> **Task item**
The required answer is every line of the data containing the word "centre".

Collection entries
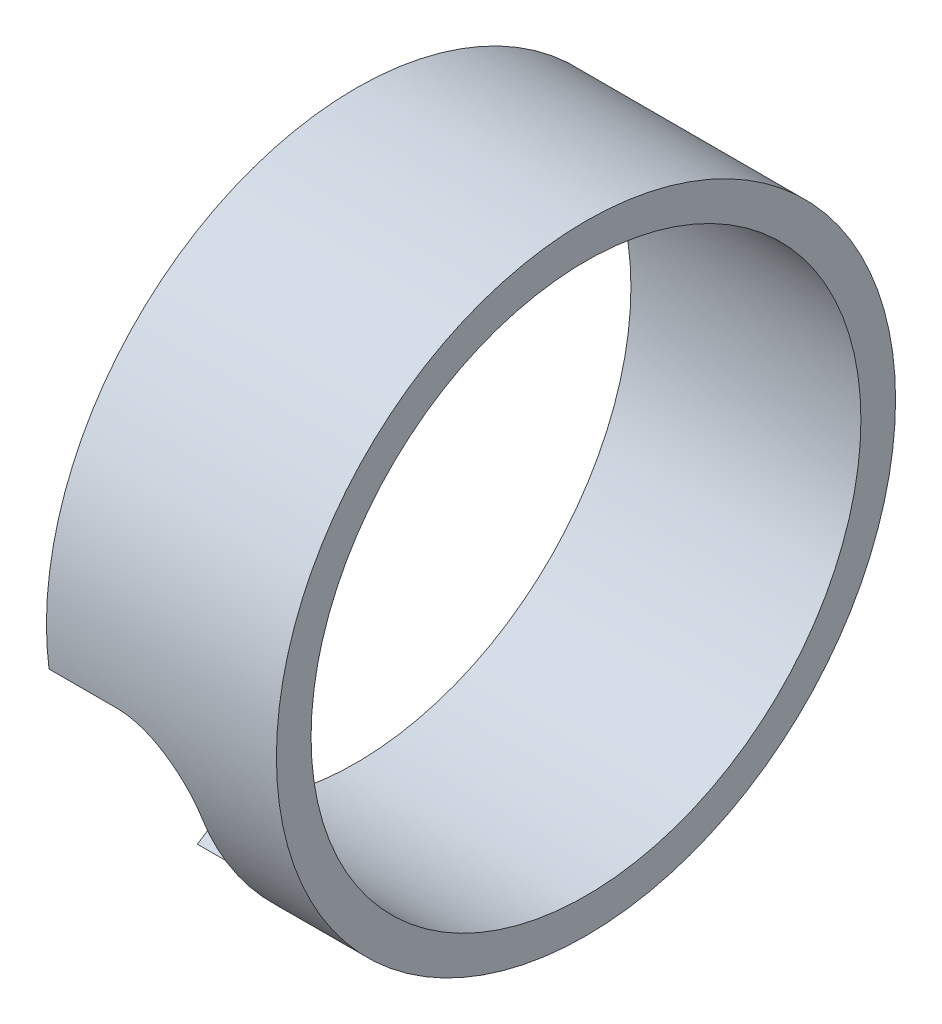
SolidWorks part; units mm, degrees
material "Nylon 6/10"
ref_plane "Front Plane" through (0, 0, 0) normal (0, 0, 1) x (1, 0, 0)
ref_plane "Top Plane" through (0, 0, 0) normal (0, 1, 0) x (1, 0, 0)
ref_plane "Right Plane" through (0, 0, 0) normal (1, 0, 0) x (0, 0, -1)
sketch "Sketch1" plane through (0, 0, 0) normal (0, 0, 1) x (1, 0, 0)
  line L0 (-25.4, 7.5) -> (-42.315, 7.5) construction
  line L1 (-39.013, 8.7312) -> (-32.527, 8.7312)
  line L2 (-39.013, 8.7312) -> (-39.013, 7.754)
  line L3 (-39.013, 7.754) -> (-32.527, 7.754)
  line L4 (-32.527, 8.7312) -> (-32.527, 7.754)
  line L5 (-39.14, -5.7508) -> (-39.14, 0.3233) construction
  line L6 (-32.4, 15.2446) -> (-32.4, -15.2446) construction
  line L7 (0, 0) -> (-47.1489, 0) construction
  dimension "D1" = 0.254
  dimension "D2" = 0.127
  dimension "D3" = 0.127
  dimension "D4" = 17.4625
revolve "Revolve1" add sketch "Sketch1" angle 360 about L7
ref_plane "Plane1" through (0, 0, 0) normal (0, -0.549, 0.8358) x (1, 0, 0)
sketch "Sketch3" plane through (0, 0, 0) normal (0, -0.549, 0.8358) x (1, 0, 0)
  line L0 (-39.013, 3.81) -> (-39.013, -3.81)
  line L1 (-39.013, 7.754) -> (-39.013, -7.754) construction
  line L2 (-39.013, -3.81) -> (-37.108, -3.81)
  line L3 (-35.203, -1.905) -> (-35.203, 1.905)
  line L4 (-37.108, 3.81) -> (-39.013, 3.81)
  line L5 (-39.013, 8.7313) -> (-39.013, -8.7312) construction
  line L6 (-39.013, 8.7313) -> (-39.013, -8.7312) construction
  line L7 (-35.203, 0) -> (-39.013, 0) construction
  arc A0 (-37.108, -3.81) -> (-35.203, -1.905) centre (-37.108, -1.905) ccw
  arc A1 (-35.203, 1.905) -> (-37.108, 3.81) centre (-37.108, 1.905) ccw
  dimension "D1" = 7.62
  dimension "D2" = 3.81
extrude "Cut-Extrude1" cut sketch "Sketch3" along normal up to next

> **Solution to the problem**
  arc A0 (-37.108, -3.81) -> (-35.203, -1.905) centre (-37.108, -1.905) ccw
  arc A1 (-35.203, 1.905) -> (-37.108, 3.81) centre (-37.108, 1.905) ccw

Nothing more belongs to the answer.